*THE TASK*: For the data below, restate word for word only the lines from the line containing "blk = doc.blocks.new('*D39')" through the line containing "blk = doc.blocks.new('*D42')", both ends included.

*DATA TO PROCESS*:
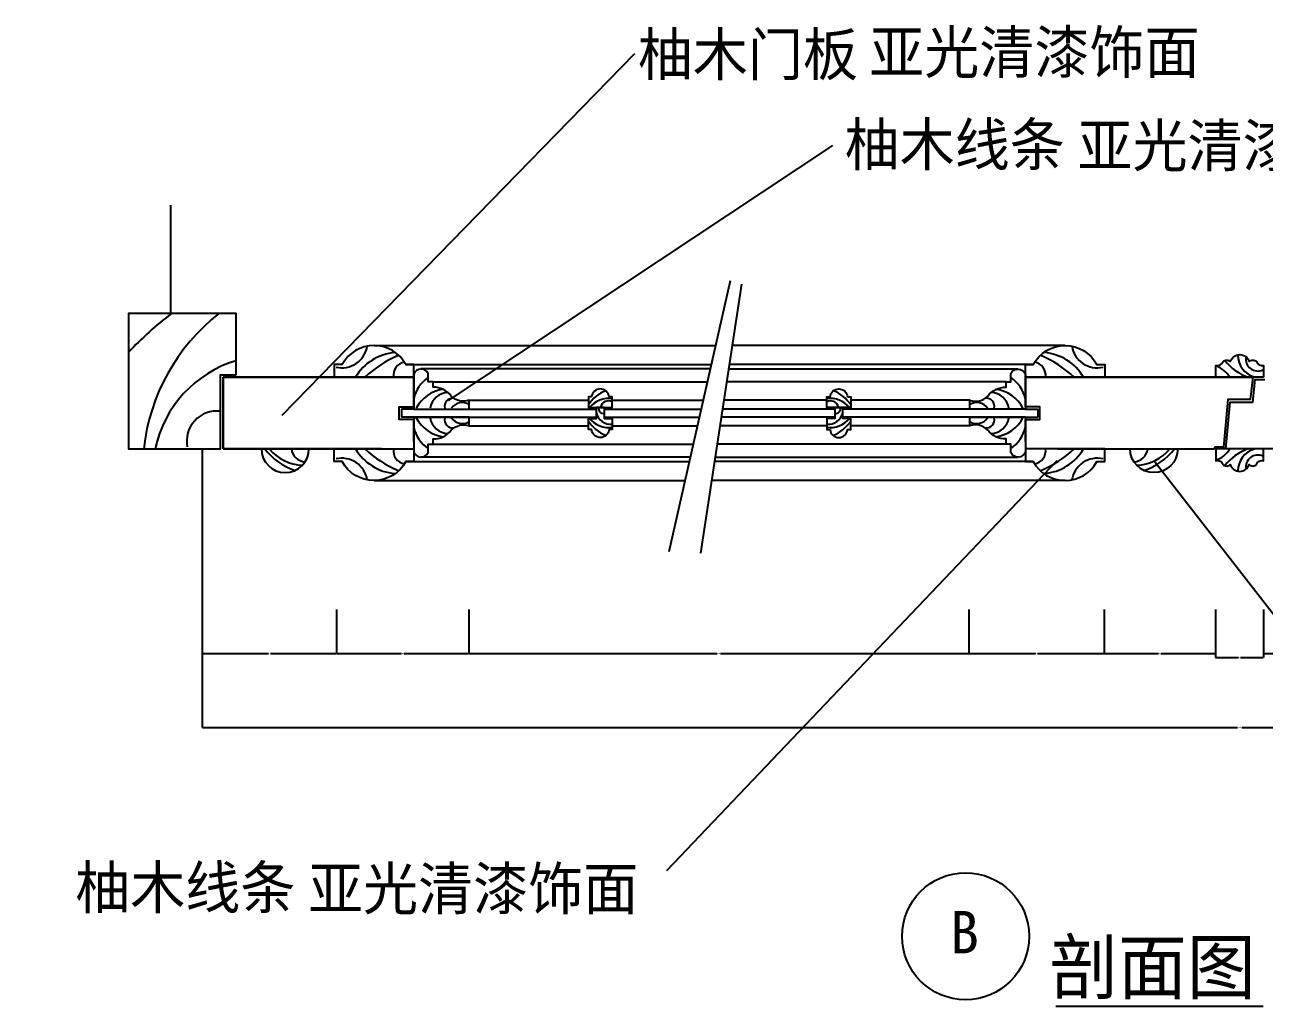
# Model space of a CAD drawing. Header units: metres. Extents: x 63 to 3579, y 112 to 4698.
# Drawn here: x 63 to 1233, y 112 to 1038 of the extents above; entities that cross this region are included whole.
import ezdxf

# ---------------------------------------------------------------- set-up
doc = ezdxf.new("R2010")
doc.units = ezdxf.units.M
for name, color, linetype in [('2', 2, 'Continuous'), ('3', 3, 'Continuous'), ('4', 4, 'Continuous'), ('7', 7, 'Continuous'), ('BH', 3, 'Continuous'), ('DIM', 3, 'Continuous'), ('TEXT', 3, 'Continuous')]:
    doc.layers.add(name, color=color, linetype=linetype)
doc.dimstyles.get("Standard").update_dxf_attribs({"dimtxt": 2.5, "dimasz": 2.5, "dimexe": 1.25, "dimexo": 0.625, "dimtad": 1, "dimcen": 2.5, "dimazin": 3, "dimtfac": 1, "dimtmove": 0, "dimatfit": 3})

# ---------------------------------------------------------------- blocks, each defined once
blk = doc.blocks.new('*D23')
for p, q in [((482.18, 486.42), (482.18, 444.97)), ((954.49, 486.42), (954.49, 444.97)), ((482.43, 444.97), (716.835, 444.97)), ((719.835, 444.97), (954.24, 444.97))]:
    blk.add_line(p, q)
at = {"layer": 'Defpoints'}
for p in [(482.18, 486.42), (954.49, 486.42), (482.18, 444.97)]:
    blk.add_point(p, dxfattribs=at)
at = {"layer": 'DIM', "insert": (718.335, 444.97), "char_height": 1, "attachment_point": 5}
blk.add_mtext('385', dxfattribs=at)
blk = doc.blocks.new('*D24')
for p, q in [((230.39, 461.17), (230.39, 374.92)), ((2190.2, 467.7), (2190.2, 374.92)), ((230.64, 374.92), (1208.295, 374.92)), ((1212.295, 374.92), (2189.95, 374.92))]:
    blk.add_line(p, q)
at = {"layer": 'Defpoints'}
for p in [(230.39, 461.17), (2190.2, 467.7), (230.39, 374.92)]:
    blk.add_point(p, dxfattribs=at)
at = {"layer": 'DIM', "insert": (1210.295, 374.92), "char_height": 1, "attachment_point": 5}
blk.add_mtext('1640', dxfattribs=at)
blk = doc.blocks.new('*D27')
for p, q in [((230.39, 486.42), (230.39, 444.97)), ((357.16, 486.42), (357.16, 444.97)), ((230.64, 444.97), (292.775, 444.97)), ((294.775, 444.97), (356.91, 444.97))]:
    blk.add_line(p, q)
at = {"layer": 'Defpoints'}
for p in [(230.39, 486.42), (357.16, 486.42), (230.39, 444.97)]:
    blk.add_point(p, dxfattribs=at)
at = {"layer": 'DIM', "insert": (293.775, 444.97), "char_height": 1, "attachment_point": 5}
blk.add_mtext('70', dxfattribs=at)
blk = doc.blocks.new('*D28')
for p, q in [((357.16, 486.42), (357.16, 444.97)), ((482.18, 486.42), (482.18, 444.97)), ((357.41, 444.97), (418.67, 444.97)), ((420.67, 444.97), (481.93, 444.97))]:
    blk.add_line(p, q)
at = {"layer": 'Defpoints'}
for p in [(357.16, 486.42), (482.18, 486.42), (357.16, 444.97)]:
    blk.add_point(p, dxfattribs=at)
at = {"layer": 'DIM', "insert": (419.67, 444.97), "char_height": 1, "attachment_point": 5}
blk.add_mtext('85', dxfattribs=at)
blk = doc.blocks.new('*D39')
for p, q in [((1187.23, 486.42), (1187.23, 440.97)), ((1232.7, 486.42), (1232.7, 440.97)), ((1187.48, 440.97), (1208.965, 440.97)), ((1210.965, 440.97), (1232.45, 440.97))]:
    blk.add_line(p, q)
at = {"layer": 'Defpoints'}
for p in [(1187.23, 486.42), (1232.7, 486.42), (1187.23, 440.97)]:
    blk.add_point(p, dxfattribs=at)
at = {"layer": 'DIM', "insert": (1209.965, 440.97), "char_height": 1, "attachment_point": 5}
blk.add_mtext('30', dxfattribs=at)
blk = doc.blocks.new('*D40')
for p, q in [((1232.7, 486.42), (1232.7, 444.97)), ((1337.83, 486.42), (1337.83, 444.97)), ((1232.95, 444.97), (1284.265, 444.97)), ((1286.265, 444.97), (1337.58, 444.97))]:
    blk.add_line(p, q)
at = {"layer": 'Defpoints'}
for p in [(1232.7, 486.42), (1337.83, 486.42), (1232.7, 444.97)]:
    blk.add_point(p, dxfattribs=at)
at = {"layer": 'DIM', "insert": (1285.265, 444.97), "char_height": 1, "attachment_point": 5}
blk.add_mtext('60', dxfattribs=at)
blk = doc.blocks.new('*D41')
for p, q in [((954.49, 486.42), (954.49, 444.97)), ((1082.1, 486.42), (1082.1, 444.97)), ((954.74, 444.97), (1017.295, 444.97)), ((1019.295, 444.97), (1081.85, 444.97))]:
    blk.add_line(p, q)
at = {"layer": 'Defpoints'}
for p in [(954.49, 486.42), (1082.1, 486.42), (954.49, 444.97)]:
    blk.add_point(p, dxfattribs=at)
at = {"layer": 'DIM', "insert": (1018.295, 444.97), "char_height": 1, "attachment_point": 5}
blk.add_mtext('85', dxfattribs=at)
blk = doc.blocks.new('*D42')
for p, q in [((1082.1, 486.42), (1082.1, 444.97)), ((1187.23, 486.42), (1187.23, 444.97)), ((1082.35, 444.97), (1133.665, 444.97)), ((1135.665, 444.97), (1186.98, 444.97))]:
    blk.add_line(p, q)
at = {"layer": 'Defpoints'}
for p in [(1082.1, 486.42), (1187.23, 486.42), (1082.1, 444.97)]:
    blk.add_point(p, dxfattribs=at)
at = {"layer": 'DIM', "insert": (1134.665, 444.97), "char_height": 1, "attachment_point": 5}
blk.add_mtext('60', dxfattribs=at)

msp = doc.modelspace()

# ---------------------------------------------------------------- hatches: boundary and pattern name
at = {"layer": 'BH'}
h = msp.add_hatch(dxfattribs=at)
h.set_pattern_fill('AR-CONC', scale=40)
h.paths.add_polyline_path([(62.73, 486.42), (230.39, 486.42), (230.39, 638.15), (160.65, 638.15), (160.65, 765.78), (200.39, 765.78), (200.39, 868.01), (62.73, 868.01)])
h = msp.add_hatch(dxfattribs=at)
h.set_pattern_fill('ANSI31', scale=375)
h.paths.add_polyline_path([(62.73, 486.42), (230.39, 486.42), (230.39, 638.15), (160.65, 638.15), (160.65, 765.78), (200.39, 765.78), (200.39, 868.01), (62.73, 868.01)])

# ---------------------------------------------------------------- linework, layer by layer
at = {"layer": '2'}
msp.add_lwpolyline([(200.39, 868.01), (200.39, 765.78), (160.65, 765.78), (160.65, 638.15), (160.65, 638.15), (230.39, 638.15), (230.39, 486.42)], dxfattribs=at)
at = {"layer": '3'}
for p, q in [((671.21, 541.23), (729.17, 796.92)), ((701.2, 539.51), (740.07, 793.72)), ((422.58, 717.65), (711.2, 717.65)), ((1015.29, 717.65), (728.44, 717.65)), ((448.3, 701.23), (707.48, 701.23)), ((989.57, 701.23), (725.93, 701.23)), ((482.58, 683.9), (595.08, 683.9)), ((617.58, 683.9), (703.55, 683.9)), ((820.29, 683.9), (723.28, 683.9)), ((955.29, 683.9), (842.79, 683.9)), ((482.58, 659.9), (595.08, 659.9)), ((617.58, 659.9), (698.11, 659.9)), ((820.29, 659.9), (719.61, 659.9)), ((955.29, 659.9), (842.79, 659.9)), ((448.3, 642.57), (694.18, 642.57)), ((989.57, 642.57), (716.96, 642.57)), ((422.58, 626.15), (690.46, 626.15)), ((1015.29, 626.15), (714.45, 626.15))]:
    msp.add_line(p, q, dxfattribs=at)
at = {"layer": '4'}
for p, q in [((250.08, 705.65), (250.08, 638.15)), ((250.08, 638.15), (250.08, 705.65)), ((430.08, 705.65), (250.08, 705.65)), ((250.08, 705.65), (399.61, 705.65)), ((1187.79, 705.65), (1038.26, 705.65)), ((430.08, 698.9), (430.08, 698.9)), ((430.08, 698.9), (430.08, 698.9)), ((1007.79, 698.9), (1007.79, 698.9)), ((1007.79, 698.9), (1007.79, 698.9)), ((418.42, 675.65), (418.42, 668.15)), ((430.08, 675.65), (418.42, 675.65)), ((430.08, 668.15), (418.42, 668.15)), ((430.08, 675.65), (602.58, 675.65)), ((430.08, 668.15), (602.58, 668.15)), ((482.58, 668.15), (430.08, 668.15)), ((430.08, 668.15), (430.08, 665.9)), ((610.08, 677.19), (602.58, 677.19)), ((602.58, 677.19), (610.08, 677.19)), ((610.08, 675.65), (701.68, 675.65)), ((610.08, 668.15), (699.98, 668.15)), ((827.79, 668.15), (720.87, 668.15)), ((827.79, 675.65), (722.01, 675.65)), ((835.29, 677.19), (827.79, 677.19)), ((827.79, 677.19), (835.29, 677.19)), ((1007.79, 675.65), (835.29, 675.65)), ((1007.79, 668.15), (835.29, 668.15)), ((955.29, 668.15), (1007.79, 668.15)), ((1007.79, 675.65), (1019.45, 675.65)), ((1007.79, 668.15), (1019.45, 668.15)), ((1007.79, 668.15), (1007.79, 665.9)), ((1019.45, 675.65), (1019.45, 668.15)), ((430.08, 665.9), (430.08, 638.15)), ((1007.79, 665.9), (1007.79, 638.15)), ((250.08, 638.15), (430.08, 638.15)), ((399.61, 638.15), (250.08, 638.15)), ((1038.26, 638.15), (1186.52, 638.15)), ((1186.52, 639.67), (1186.52, 638.15))]:
    msp.add_line(p, q, dxfattribs=at)
msp.add_lwpolyline([(262.46, 708.08), (262.46, 765.78), (160.65, 765.78), (160.65, 638.15), (247.46, 638.15), (247.46, 708.08)], close=True, dxfattribs=at)
for points in [[(430.08, 705.65), (430.08, 717.65), (422.58, 717.65, 0.6), (362.58, 717.65), (355.08, 717.65), (355.08, 705.65)], [(1007.79, 705.65), (1007.79, 717.65), (1015.29, 717.65, -0.6), (1075.29, 717.65), (1082.79, 717.65), (1082.79, 705.65)], [(1232.79, 705.65), (1187.79, 705.65), (1187.79, 716.9, 0.37), (1194.56, 720.43, -0.44), (1201.36, 720.43, -0.74), (1219.23, 720.43, -0.44), (1226.03, 720.43, 0.37), (1232.79, 716.9)], [(598.08, 687.12), (595.08, 687.12), (595.08, 677.19), (617.58, 677.19), (617.58, 687.12), (614.58, 687.12, 0.91)], [(839.79, 687.12), (842.79, 687.12), (842.79, 677.19), (820.29, 677.19), (820.29, 687.12), (823.29, 687.12, -0.91)], [(286.17, 638.15, 1), (331.17, 638.15)], [(430.08, 638.15), (430.08, 626.15), (422.58, 626.15, -0.6), (362.58, 626.15), (355.08, 626.15), (355.08, 638.15)], [(1007.79, 638.15), (1007.79, 626.15), (1015.29, 626.15, 0.6), (1075.29, 626.15), (1082.79, 626.15), (1082.79, 638.15)], [(1151.7, 638.15, -1), (1106.7, 638.15)], [(1232.79, 638.15), (1187.79, 638.15), (1187.79, 626.9, -0.37), (1194.56, 623.37, 0.44), (1201.36, 623.37, 0.74), (1219.23, 623.37, 0.44), (1226.03, 623.37, -0.37), (1232.79, 626.9)]]:
    msp.add_lwpolyline(points, format="xyb", close=True, dxfattribs=at)
for points in [[(430.08, 705.65), (430.08, 677.9), (430.08, 675.65), (482.58, 675.65), (482.58, 683.9, -0.29), (465.6, 687.97, 0.24), (448.3, 696.3), (448.3, 701.23), (443.8, 701.23), (443.8, 709.16, 0.66), (430.08, 708.73), (430.08, 698.9), (430.08, 708.73)], [(1007.79, 705.65), (1007.79, 677.9), (1007.79, 675.65), (955.29, 675.65), (955.29, 683.9, 0.29), (972.27, 687.97, -0.24), (989.57, 696.3), (989.57, 701.23), (994.07, 701.23), (994.07, 709.16, -0.66), (1007.79, 708.73), (1007.79, 698.9), (1007.79, 708.73)], [(430.08, 644.9), (430.08, 644.9), (430.08, 635.06, 0.66), (443.8, 634.64), (443.8, 642.57), (448.3, 642.57), (448.3, 647.49, 0.24), (465.6, 655.83, -0.29), (482.58, 659.9), (482.58, 668.15)], [(610.08, 677.19), (610.08, 666.75), (617.58, 666.75), (617.58, 656.25), (614.58, 656.25, -0.91), (598.08, 656.25), (595.08, 656.25), (595.08, 666.75), (602.58, 666.75), (602.58, 677.19)], [(827.79, 677.19), (827.79, 666.75), (820.29, 666.75), (820.29, 656.25), (823.29, 656.25, 0.91), (839.79, 656.25), (842.79, 656.25), (842.79, 666.75), (835.29, 666.75), (835.29, 677.19)], [(1007.79, 644.9), (1007.79, 644.9), (1007.79, 635.06, -0.66), (994.07, 634.64), (994.07, 642.57), (989.57, 642.57), (989.57, 647.49, -0.24), (972.27, 655.83, 0.29), (955.29, 659.9), (955.29, 668.15)]]:
    msp.add_lwpolyline(points, format="xyb", dxfattribs=at)
for points in [[(1007.79, 705.65), (1222.58, 705.65), (1220.26, 684.54), (1198.87, 684.54), (1194.91, 639.67), (1186.52, 639.67)], [(1412.79, 638.15), (1197.02, 638.15), (1201.17, 682.09), (1222.73, 682.09), (1224.75, 703.66), (1233.96, 703.66)], [(430.08, 644.9), (430.08, 665.9), (416.45, 665.9), (416.45, 677.9), (430.08, 677.9), (430.08, 698.9)], [(1007.79, 644.9), (1007.79, 665.9), (1021.42, 665.9), (1021.42, 677.9), (1007.79, 677.9), (1007.79, 698.9)]]:
    msp.add_lwpolyline(points, dxfattribs=at)
at = {"layer": '7'}
for p, q in [((392.58, 735.65), (715.28, 735.65)), ((1045.29, 735.65), (731.19, 735.65)), ((710.26, 713.5), (436.8, 713.5)), ((727.8, 713.5), (1001.07, 713.5)), ((691.4, 630.3), (436.8, 630.3)), ((715.08, 630.3), (1001.07, 630.3)), ((392.58, 608.15), (686.38, 608.15)), ((1045.29, 608.15), (711.69, 608.15))]:
    msp.add_line(p, q, dxfattribs=at)
at = {"layer": 'BH'}
for centre, radius, start, end in [((380.36, 527.21), 298.32, 126.9, 137.43), ((361.34, 618.13), 187.28, 127.96, 173.86), ((362.2, 738.91), 24.34, 257.01, 350.89), ((415.97, 681.93), 47.19, 94.63, 149.82), ((458.31, 626.18), 108.83, 113.11, 133.1), ((979.56, 626.18), 108.83, 46.9, 66.89), ((1021.9, 681.93), 47.19, 30.18, 85.37), ((1075.67, 738.91), 24.34, 189.11, 282.99), ((1230.5, 726.84), 21.92, 180.7, 252.93), ((294.46, 614.94), 111.11, 106.74, 167.94), ((423.5, 707.48), 12.61, 100.19, 188.37), ((1014.37, 707.48), 12.61, 351.63, 79.81), ((1179.88, 693.3), 24.34, 30.47, 71.02), ((1233.64, 750.28), 47.19, 217.48, 251.06), ((1227.36, 722.99), 11.41, 169.72, 295.07), ((462.77, 677.76), 33.57, 124.41, 166.87), ((975.1, 677.76), 33.57, 13.13, 55.59), ((462.25, 660.99), 33.58, 97.45, 152.7), ((463.12, 673.49), 17.77, 91.87, 170.59), ((622.82, 662.26), 32.71, 110.48, 148.01), ((815.05, 662.26), 32.71, 31.99, 69.52), ((974.75, 673.49), 17.77, 9.41, 88.13), ((975.62, 660.99), 33.58, 27.3, 82.55), ((467.23, 677.98), 7.97, 84.23, 191.48), ((476.01, 669.39), 12.45, 58.2, 145.77), ((614.2, 662.59), 23.11, 81.59, 141.05), ((614.09, 675.46), 7.9, 63.85, 165.39), ((823.67, 662.59), 23.11, 38.95, 98.41), ((823.78, 675.46), 7.9, 14.61, 116.15), ((961.86, 669.39), 12.45, 34.23, 121.8), ((970.64, 677.98), 7.97, 348.52, 95.77), ((244.17, 645.25), 28.56, 83.39, 190.88), ((462.25, 682.8), 33.58, 207.3, 262.55), ((463.12, 670.31), 17.77, 189.41, 268.13), ((467.23, 665.81), 7.97, 168.52, 275.77), ((476.01, 674.4), 12.45, 214.23, 301.8), ((616.35, 675.53), 14.19, 193.9, 274.96), ((609.15, 675.94), 4.48, 163.52, 281.94), ((821.52, 675.53), 14.19, 265.04, 346.1), ((828.72, 675.94), 4.48, 258.06, 16.48), ((961.86, 674.4), 12.45, 238.2, 325.77), ((970.64, 665.81), 7.97, 264.23, 11.48), ((974.75, 670.31), 17.77, 271.87, 350.59), ((975.62, 682.8), 33.58, 277.45, 332.7), ((462.77, 666.04), 33.57, 193.13, 235.59), ((622.82, 681.67), 32.71, 211.99, 249.52), ((614.2, 681.35), 23.11, 218.95, 278.41), ((823.67, 681.35), 23.11, 261.59, 321.05), ((815.05, 681.67), 32.71, 290.48, 328.01), ((975.1, 666.04), 33.57, 304.41, 346.87), ((335.77, 673.11), 58.11, 216.99, 252.34), ((326.39, 665.03), 42.38, 219.37, 268.13), ((327.82, 639.24), 13.3, 184.72, 268.93), ((415.97, 661.87), 47.19, 210.18, 265.37), ((458.31, 717.61), 108.83, 226.9, 246.89), ((423.5, 636.31), 12.61, 171.63, 259.81), ((1014.37, 636.31), 12.61, 280.19, 8.37), ((979.56, 717.61), 108.83, 293.11, 313.1), ((1021.9, 661.87), 47.19, 274.63, 329.82), ((1110.05, 639.24), 13.3, 271.07, 355.28), ((1111.48, 665.03), 42.38, 271.87, 320.63), ((1102.1, 673.11), 58.11, 287.66, 323.01), ((1179.88, 650.49), 24.34, 288.98, 329.53), ((1233.64, 593.51), 47.19, 108.94, 142.52), ((1230.5, 616.96), 21.92, 107.07, 179.3), ((1227.36, 620.81), 11.41, 64.93, 190.28), ((362.2, 604.89), 24.34, 9.11, 102.99), ((1075.67, 604.89), 24.34, 77.01, 170.89)]:
    msp.add_arc(centre, radius, start, end, dxfattribs=at)
at = {"layer": 'TEXT'}
msp.add_line((1036.51, 111.92), (1232.42, 111.92), dxfattribs=at)
msp.add_circle((951.32, 177.92), 60, dxfattribs=at)

# ---------------------------------------------------------------- texts
for s, height, p in [('柚木门板', 40, (641.68, 990.49)), ('亚光清漆饰面', 40, (860.33, 992.54)), ('柚木线条', 40, (837.05, 905.48)), ('亚光清漆饰面', 40, (1057, 904.37)), ('柚木线条', 40, (110.3, 204.02)), ('亚光清漆饰面', 40, (330.25, 202.91)), ('B', 40, (936.69, 161.83)), ('剖面图', 50, (1030.37, 123.87))]:
    msp.add_text(s, height=height, dxfattribs=at).set_placement(p)

# ---------------------------------------------------------------- dimensions: what is measured, and where the dimension line sits
at = {"layer": 'DIM'}
for base, p1, p2, text, picture, middle in [((230.39, 444.97), (230.39, 486.42), (357.16, 486.42), '70', '*D27', (293.775, 444.97)), ((357.16, 444.97), (357.16, 486.42), (482.18, 486.42), '85', '*D28', (419.67, 444.97)), ((482.18, 444.97), (482.18, 486.42), (954.49, 486.42), '385', '*D23', (718.335, 444.97)), ((954.49, 444.97), (954.49, 486.42), (1082.1, 486.42), '85', '*D41', (1018.295, 444.97)), ((1082.1, 444.97), (1082.1, 486.42), (1187.23, 486.42), '60', '*D42', (1134.665, 444.97)), ((1187.23, 440.97), (1187.23, 486.42), (1232.7, 486.42), '30', '*D39', (1209.965, 440.97)), ((1232.7, 444.97), (1232.7, 486.42), (1337.83, 486.42), '60', '*D40', (1285.265, 444.97)), ((230.39, 374.92), (230.39, 461.17), (2190.2, 467.7), '1640', '*D24', (1210.295, 374.92))]:
    dim = msp.add_linear_dim(base=base, p1=p1, p2=p2, text=text, dimstyle='Standard', dxfattribs=at)
    dim.commit()
    dim.dimension.update_dxf_attribs({"geometry": picture, "text_midpoint": middle})

# ---------------------------------------------------------------- leaders
for points in [[(305.68, 670.05), (639, 1011.19)], [(462.85, 683.59), (825.98, 924.55)], [(1037.35, 626.73), (668.81, 239.57)], [(1129.49, 626.73), (1455.18, 207.43)]]:
    msp.add_leader(points, dimstyle='Standard', dxfattribs=at)

doc.saveas('drawing.dxf')

*FINAL ANSWER*:
blk = doc.blocks.new('*D39')
for p, q in [((1187.23, 486.42), (1187.23, 440.97)), ((1232.7, 486.42), (1232.7, 440.97)), ((1187.48, 440.97), (1208.965, 440.97)), ((1210.965, 440.97), (1232.45, 440.97))]:
    blk.add_line(p, q)
at = {"layer": 'Defpoints'}
for p in [(1187.23, 486.42), (1232.7, 486.42), (1187.23, 440.97)]:
    blk.add_point(p, dxfattribs=at)
at = {"layer": 'DIM', "insert": (1209.965, 440.97), "char_height": 1, "attachment_point": 5}
blk.add_mtext('30', dxfattribs=at)
blk = doc.blocks.new('*D40')
for p, q in [((1232.7, 486.42), (1232.7, 444.97)), ((1337.83, 486.42), (1337.83, 444.97)), ((1232.95, 444.97), (1284.265, 444.97)), ((1286.265, 444.97), (1337.58, 444.97))]:
    blk.add_line(p, q)
at = {"layer": 'Defpoints'}
for p in [(1232.7, 486.42), (1337.83, 486.42), (1232.7, 444.97)]:
    blk.add_point(p, dxfattribs=at)
at = {"layer": 'DIM', "insert": (1285.265, 444.97), "char_height": 1, "attachment_point": 5}
blk.add_mtext('60', dxfattribs=at)
blk = doc.blocks.new('*D41')
for p, q in [((954.49, 486.42), (954.49, 444.97)), ((1082.1, 486.42), (1082.1, 444.97)), ((954.74, 444.97), (1017.295, 444.97)), ((1019.295, 444.97), (1081.85, 444.97))]:
    blk.add_line(p, q)
at = {"layer": 'Defpoints'}
for p in [(954.49, 486.42), (1082.1, 486.42), (954.49, 444.97)]:
    blk.add_point(p, dxfattribs=at)
at = {"layer": 'DIM', "insert": (1018.295, 444.97), "char_height": 1, "attachment_point": 5}
blk.add_mtext('85', dxfattribs=at)
blk = doc.blocks.new('*D42')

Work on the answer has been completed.